# Forum Other Languages Germanic languages English  'Tongue-in-cheek'

## Yazeed

What does it mean (the expression, not the gesture)?

----------


## scotcher

It means to say something half seriously, or in a subtly mocking or self-mocking, or ironic way. Like a gentler form of sarcasm. 
For example: my mother-in-law is staying with us just now and isn't due to go home until new year, but my wife and her just argue all the time and it is really irritating, so each time they start I casually mention something about her air ticket being open ended, or ask whether she's looking forward to her next Aeroflot meal, or whether she's packed. That is tongue-in-cheek, she knows I'm joking but being half-serious at the same time. 
In addition, it can be used as an adjective to describe books, films etc which aren't out and out parodies, but nevertheless don't take themselves seriously.
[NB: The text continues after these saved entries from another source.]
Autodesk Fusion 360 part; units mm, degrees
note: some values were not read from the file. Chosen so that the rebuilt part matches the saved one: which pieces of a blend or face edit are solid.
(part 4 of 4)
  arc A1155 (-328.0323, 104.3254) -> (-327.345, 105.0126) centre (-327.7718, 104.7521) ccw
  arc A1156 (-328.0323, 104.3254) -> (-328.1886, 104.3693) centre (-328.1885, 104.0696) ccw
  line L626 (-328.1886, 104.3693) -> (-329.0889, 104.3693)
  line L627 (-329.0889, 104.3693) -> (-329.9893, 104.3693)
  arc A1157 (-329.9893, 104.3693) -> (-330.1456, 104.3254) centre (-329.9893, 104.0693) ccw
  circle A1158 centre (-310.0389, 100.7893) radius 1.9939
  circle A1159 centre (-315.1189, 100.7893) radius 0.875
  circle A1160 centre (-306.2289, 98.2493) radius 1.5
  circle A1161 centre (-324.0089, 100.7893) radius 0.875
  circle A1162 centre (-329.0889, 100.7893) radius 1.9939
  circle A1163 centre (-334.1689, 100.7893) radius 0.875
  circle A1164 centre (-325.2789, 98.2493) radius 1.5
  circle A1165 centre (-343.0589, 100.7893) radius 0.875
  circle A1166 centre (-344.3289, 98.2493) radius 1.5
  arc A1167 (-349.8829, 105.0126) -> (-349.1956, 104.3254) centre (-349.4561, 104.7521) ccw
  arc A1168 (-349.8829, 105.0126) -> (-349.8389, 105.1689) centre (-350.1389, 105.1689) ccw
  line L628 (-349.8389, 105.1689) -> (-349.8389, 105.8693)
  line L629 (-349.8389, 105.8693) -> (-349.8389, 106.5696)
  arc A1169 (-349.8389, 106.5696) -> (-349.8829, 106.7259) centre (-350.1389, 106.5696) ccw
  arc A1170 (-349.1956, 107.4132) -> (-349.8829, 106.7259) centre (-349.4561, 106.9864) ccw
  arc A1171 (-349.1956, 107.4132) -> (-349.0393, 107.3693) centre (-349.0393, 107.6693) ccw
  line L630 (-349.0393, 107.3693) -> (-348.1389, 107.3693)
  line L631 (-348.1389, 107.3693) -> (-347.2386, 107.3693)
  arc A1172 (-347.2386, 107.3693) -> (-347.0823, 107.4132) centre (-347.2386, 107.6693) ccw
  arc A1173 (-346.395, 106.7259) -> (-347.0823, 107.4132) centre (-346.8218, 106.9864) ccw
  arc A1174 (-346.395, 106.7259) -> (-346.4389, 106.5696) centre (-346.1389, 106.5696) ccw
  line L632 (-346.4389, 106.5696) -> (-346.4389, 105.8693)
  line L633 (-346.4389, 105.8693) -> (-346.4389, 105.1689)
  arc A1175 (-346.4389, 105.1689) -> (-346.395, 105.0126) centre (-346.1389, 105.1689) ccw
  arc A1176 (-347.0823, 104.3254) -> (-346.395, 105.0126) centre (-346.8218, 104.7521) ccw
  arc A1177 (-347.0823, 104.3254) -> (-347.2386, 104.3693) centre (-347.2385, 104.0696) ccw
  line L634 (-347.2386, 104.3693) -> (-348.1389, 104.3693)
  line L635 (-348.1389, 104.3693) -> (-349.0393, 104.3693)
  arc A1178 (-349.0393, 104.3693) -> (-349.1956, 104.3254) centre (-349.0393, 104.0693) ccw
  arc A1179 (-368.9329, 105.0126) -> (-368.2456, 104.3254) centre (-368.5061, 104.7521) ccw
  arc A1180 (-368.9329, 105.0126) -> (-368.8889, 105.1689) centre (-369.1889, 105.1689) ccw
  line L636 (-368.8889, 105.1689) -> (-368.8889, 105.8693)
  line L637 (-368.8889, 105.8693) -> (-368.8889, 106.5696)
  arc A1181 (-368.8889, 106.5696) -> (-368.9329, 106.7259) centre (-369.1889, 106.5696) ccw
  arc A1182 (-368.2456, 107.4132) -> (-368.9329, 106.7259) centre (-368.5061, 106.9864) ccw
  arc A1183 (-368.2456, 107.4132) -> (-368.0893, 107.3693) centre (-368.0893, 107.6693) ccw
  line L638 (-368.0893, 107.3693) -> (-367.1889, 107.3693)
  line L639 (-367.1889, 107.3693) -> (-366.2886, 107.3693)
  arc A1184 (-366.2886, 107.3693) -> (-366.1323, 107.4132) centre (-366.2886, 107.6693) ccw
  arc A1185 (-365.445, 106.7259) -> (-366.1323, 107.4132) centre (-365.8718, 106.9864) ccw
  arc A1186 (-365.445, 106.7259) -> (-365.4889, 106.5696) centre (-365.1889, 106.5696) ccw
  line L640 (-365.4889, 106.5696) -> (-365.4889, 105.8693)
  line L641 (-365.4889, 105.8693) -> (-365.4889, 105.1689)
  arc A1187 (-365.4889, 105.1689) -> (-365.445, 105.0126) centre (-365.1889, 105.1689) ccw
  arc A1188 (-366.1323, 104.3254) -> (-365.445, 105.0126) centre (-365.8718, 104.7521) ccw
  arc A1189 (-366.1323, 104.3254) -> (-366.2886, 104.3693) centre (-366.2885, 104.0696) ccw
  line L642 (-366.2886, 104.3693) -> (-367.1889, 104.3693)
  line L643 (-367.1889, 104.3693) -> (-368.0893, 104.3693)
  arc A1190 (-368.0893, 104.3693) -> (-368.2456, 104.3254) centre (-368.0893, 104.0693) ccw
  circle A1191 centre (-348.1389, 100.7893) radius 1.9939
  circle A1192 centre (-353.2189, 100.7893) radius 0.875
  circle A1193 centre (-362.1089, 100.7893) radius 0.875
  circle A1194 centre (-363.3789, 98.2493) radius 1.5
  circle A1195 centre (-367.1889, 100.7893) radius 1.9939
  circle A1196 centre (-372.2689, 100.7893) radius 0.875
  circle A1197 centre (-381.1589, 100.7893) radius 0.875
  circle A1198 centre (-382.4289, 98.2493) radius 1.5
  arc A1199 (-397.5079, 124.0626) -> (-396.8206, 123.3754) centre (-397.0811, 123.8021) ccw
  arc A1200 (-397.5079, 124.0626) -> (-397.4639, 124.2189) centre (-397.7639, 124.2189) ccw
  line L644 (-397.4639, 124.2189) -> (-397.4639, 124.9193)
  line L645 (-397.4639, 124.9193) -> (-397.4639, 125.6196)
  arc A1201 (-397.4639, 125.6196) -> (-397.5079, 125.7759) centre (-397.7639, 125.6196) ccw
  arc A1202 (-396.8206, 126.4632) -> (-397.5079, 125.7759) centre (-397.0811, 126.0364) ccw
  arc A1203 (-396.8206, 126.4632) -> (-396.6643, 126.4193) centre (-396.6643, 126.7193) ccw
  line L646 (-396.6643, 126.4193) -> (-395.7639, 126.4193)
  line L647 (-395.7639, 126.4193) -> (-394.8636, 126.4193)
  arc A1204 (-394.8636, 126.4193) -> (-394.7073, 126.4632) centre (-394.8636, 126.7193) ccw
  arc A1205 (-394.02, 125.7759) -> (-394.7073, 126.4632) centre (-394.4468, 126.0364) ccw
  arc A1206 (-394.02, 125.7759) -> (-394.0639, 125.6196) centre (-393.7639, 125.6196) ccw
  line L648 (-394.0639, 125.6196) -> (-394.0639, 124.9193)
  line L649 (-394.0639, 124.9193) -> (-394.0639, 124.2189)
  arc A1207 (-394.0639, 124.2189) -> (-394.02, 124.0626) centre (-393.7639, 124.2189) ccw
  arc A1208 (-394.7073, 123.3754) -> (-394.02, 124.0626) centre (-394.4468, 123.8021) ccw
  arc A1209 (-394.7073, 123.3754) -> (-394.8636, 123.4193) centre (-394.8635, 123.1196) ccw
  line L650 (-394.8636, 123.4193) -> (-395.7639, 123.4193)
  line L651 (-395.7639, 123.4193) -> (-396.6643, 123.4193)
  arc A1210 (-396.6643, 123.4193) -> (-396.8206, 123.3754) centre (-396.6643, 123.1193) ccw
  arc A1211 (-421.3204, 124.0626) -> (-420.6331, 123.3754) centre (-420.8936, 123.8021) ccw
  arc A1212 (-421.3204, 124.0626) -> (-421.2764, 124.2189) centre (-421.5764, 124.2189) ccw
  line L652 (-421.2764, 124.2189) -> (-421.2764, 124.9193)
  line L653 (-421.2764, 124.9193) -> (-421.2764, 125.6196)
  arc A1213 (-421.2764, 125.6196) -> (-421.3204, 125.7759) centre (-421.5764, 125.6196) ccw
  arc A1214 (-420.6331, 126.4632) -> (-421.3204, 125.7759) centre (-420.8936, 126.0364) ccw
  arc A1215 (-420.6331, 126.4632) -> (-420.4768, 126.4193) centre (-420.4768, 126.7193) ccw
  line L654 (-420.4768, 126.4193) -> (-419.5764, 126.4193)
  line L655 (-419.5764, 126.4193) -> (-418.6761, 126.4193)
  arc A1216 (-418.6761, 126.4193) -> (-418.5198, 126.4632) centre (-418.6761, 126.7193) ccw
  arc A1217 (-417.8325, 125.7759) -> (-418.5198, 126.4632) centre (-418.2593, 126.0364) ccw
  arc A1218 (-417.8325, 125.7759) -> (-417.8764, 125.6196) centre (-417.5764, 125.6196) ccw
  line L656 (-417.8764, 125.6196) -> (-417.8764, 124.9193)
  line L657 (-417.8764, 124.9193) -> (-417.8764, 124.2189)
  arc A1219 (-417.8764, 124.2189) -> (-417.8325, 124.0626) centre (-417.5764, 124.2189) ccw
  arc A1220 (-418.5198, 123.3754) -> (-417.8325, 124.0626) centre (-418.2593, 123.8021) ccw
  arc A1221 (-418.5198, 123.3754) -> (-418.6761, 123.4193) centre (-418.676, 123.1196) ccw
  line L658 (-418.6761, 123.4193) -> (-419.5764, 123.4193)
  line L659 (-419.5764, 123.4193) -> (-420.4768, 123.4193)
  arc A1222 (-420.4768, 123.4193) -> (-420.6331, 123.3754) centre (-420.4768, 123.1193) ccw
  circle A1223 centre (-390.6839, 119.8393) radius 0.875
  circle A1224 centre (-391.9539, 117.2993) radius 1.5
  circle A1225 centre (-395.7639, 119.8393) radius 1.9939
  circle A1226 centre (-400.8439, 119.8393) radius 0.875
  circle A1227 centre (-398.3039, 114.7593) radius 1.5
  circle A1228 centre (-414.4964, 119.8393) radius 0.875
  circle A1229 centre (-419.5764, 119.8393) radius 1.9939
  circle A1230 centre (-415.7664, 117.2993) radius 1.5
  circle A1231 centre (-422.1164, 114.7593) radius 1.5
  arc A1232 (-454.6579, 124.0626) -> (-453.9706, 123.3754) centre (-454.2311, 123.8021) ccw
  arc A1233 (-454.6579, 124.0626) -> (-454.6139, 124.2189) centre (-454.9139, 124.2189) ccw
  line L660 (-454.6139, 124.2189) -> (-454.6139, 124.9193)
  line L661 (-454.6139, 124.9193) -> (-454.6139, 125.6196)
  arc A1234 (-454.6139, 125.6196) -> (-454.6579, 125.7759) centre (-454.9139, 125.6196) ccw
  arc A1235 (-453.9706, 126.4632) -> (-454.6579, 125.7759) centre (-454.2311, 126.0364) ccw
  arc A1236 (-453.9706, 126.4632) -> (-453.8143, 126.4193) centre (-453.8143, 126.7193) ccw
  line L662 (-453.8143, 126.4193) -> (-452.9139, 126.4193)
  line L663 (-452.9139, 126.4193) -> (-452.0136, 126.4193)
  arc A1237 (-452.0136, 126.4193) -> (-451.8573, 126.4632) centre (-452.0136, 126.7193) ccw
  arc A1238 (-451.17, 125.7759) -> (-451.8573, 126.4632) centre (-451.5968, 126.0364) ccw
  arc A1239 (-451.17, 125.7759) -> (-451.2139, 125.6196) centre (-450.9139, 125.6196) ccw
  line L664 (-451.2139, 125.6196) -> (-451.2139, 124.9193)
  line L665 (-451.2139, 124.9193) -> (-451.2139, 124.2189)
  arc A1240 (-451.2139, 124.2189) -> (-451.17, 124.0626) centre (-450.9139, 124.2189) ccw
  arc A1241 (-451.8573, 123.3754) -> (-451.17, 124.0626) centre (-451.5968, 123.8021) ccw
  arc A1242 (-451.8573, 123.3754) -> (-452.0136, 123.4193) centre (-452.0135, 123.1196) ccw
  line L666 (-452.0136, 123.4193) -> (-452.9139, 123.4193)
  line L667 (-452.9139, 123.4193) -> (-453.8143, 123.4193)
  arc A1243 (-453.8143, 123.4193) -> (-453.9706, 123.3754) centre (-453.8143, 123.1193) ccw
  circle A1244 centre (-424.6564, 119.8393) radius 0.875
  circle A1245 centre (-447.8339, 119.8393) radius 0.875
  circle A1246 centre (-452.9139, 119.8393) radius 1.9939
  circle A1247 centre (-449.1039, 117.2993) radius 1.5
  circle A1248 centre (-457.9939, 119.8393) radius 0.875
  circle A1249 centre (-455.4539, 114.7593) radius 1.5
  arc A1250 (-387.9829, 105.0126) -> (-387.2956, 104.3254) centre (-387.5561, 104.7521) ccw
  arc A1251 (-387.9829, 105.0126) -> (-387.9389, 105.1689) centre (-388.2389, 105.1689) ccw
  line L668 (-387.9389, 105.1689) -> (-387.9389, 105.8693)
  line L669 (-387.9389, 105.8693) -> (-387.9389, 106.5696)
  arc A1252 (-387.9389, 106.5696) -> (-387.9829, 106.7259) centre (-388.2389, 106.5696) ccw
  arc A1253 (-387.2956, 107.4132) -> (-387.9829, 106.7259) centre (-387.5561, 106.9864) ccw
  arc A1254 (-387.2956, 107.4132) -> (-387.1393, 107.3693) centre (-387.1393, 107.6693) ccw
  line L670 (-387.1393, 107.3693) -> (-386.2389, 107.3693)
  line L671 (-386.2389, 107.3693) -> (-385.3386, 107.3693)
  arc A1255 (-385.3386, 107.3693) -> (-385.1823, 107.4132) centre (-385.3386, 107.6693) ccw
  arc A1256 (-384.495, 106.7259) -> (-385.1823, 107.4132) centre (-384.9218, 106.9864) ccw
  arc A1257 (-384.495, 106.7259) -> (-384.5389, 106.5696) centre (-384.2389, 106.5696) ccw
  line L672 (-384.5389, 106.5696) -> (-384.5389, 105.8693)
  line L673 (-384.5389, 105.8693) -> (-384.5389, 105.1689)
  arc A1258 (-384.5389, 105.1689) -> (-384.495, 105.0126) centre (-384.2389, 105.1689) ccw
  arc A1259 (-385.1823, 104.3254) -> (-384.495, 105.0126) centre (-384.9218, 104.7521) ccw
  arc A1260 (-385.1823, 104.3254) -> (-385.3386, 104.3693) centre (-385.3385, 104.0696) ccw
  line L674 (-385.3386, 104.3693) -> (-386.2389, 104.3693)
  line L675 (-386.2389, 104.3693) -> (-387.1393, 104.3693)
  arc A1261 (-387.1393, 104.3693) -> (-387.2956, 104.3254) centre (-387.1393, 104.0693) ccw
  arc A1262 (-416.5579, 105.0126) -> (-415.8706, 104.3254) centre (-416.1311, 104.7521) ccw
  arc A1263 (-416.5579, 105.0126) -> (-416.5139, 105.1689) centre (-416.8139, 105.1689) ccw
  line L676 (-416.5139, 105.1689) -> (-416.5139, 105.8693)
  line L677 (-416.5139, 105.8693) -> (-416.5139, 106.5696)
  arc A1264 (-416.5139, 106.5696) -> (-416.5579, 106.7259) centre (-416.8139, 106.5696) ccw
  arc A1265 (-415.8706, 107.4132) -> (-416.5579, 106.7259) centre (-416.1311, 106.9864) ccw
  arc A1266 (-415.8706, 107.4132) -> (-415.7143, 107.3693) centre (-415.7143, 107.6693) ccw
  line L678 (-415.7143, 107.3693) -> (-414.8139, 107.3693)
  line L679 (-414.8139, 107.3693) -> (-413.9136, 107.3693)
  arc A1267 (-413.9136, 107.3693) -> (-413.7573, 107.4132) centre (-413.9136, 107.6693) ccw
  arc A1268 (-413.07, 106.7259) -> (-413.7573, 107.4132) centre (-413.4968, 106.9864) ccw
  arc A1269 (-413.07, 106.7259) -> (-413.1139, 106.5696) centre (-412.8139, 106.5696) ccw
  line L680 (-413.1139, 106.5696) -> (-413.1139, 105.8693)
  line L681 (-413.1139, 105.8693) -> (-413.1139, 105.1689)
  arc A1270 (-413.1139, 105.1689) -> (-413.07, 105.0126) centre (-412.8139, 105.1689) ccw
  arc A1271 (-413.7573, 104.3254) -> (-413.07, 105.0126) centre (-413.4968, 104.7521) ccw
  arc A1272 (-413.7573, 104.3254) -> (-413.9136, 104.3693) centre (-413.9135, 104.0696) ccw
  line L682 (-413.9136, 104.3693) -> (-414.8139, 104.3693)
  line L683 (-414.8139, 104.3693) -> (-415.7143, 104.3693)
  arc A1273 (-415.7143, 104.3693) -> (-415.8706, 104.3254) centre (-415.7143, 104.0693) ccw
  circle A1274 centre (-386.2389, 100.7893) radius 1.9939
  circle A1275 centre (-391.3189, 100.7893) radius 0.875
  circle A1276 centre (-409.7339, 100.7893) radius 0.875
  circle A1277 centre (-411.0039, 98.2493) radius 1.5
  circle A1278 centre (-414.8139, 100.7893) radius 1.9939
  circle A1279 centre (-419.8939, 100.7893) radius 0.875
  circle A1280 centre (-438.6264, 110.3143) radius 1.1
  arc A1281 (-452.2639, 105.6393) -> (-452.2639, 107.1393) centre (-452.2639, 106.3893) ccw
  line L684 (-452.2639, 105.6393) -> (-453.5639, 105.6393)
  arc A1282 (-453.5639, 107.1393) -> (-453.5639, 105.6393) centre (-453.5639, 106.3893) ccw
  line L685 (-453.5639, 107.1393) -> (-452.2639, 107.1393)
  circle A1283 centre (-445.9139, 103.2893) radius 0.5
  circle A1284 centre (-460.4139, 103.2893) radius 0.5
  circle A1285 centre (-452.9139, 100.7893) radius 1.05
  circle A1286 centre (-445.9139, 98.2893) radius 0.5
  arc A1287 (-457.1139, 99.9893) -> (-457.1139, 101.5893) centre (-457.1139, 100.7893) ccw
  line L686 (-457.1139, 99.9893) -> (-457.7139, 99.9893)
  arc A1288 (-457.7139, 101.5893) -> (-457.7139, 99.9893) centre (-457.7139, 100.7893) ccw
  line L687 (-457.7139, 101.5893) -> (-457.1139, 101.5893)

An example like Shaun of the Dead springs to mind.

----------


## tyomitch

I've also heard that the expression originates from comical actors putting their tongues in cheek to keep themselves from laughing at stage.

----------


## Yazeed

> It means to say something half seriously, or in a subtly mocking or self-mocking, or ironic way. Like a gentler form of sarcasm. 
> For example: my mother-in-law is staying with us just now and isn't due to go home until new year, but my wife and her just argue all the time and it is really irritating, so each time they start I casually mention something about her air ticket being open ended, or ask whether she's looking forward to her next Aeroflot meal, or whether she's packed. That is tongue-in-cheek, she knows I'm joking but being half-serious at the same time. 
> In addition, it can be used as an adjective to describe books, films etc which aren't out and out parodies, but nevertheless don't take themselves seriously. An example like Shaun of the Dead springs to mind.

 Gotcha.  Thanks!

----------


## Lampada

По-моему, это то же, что и "держать язык за зубами".

----------


## Rtyom

> По-моему, это то же, что и "держать язык за зубами".

 По-моему, не очень подходит.

----------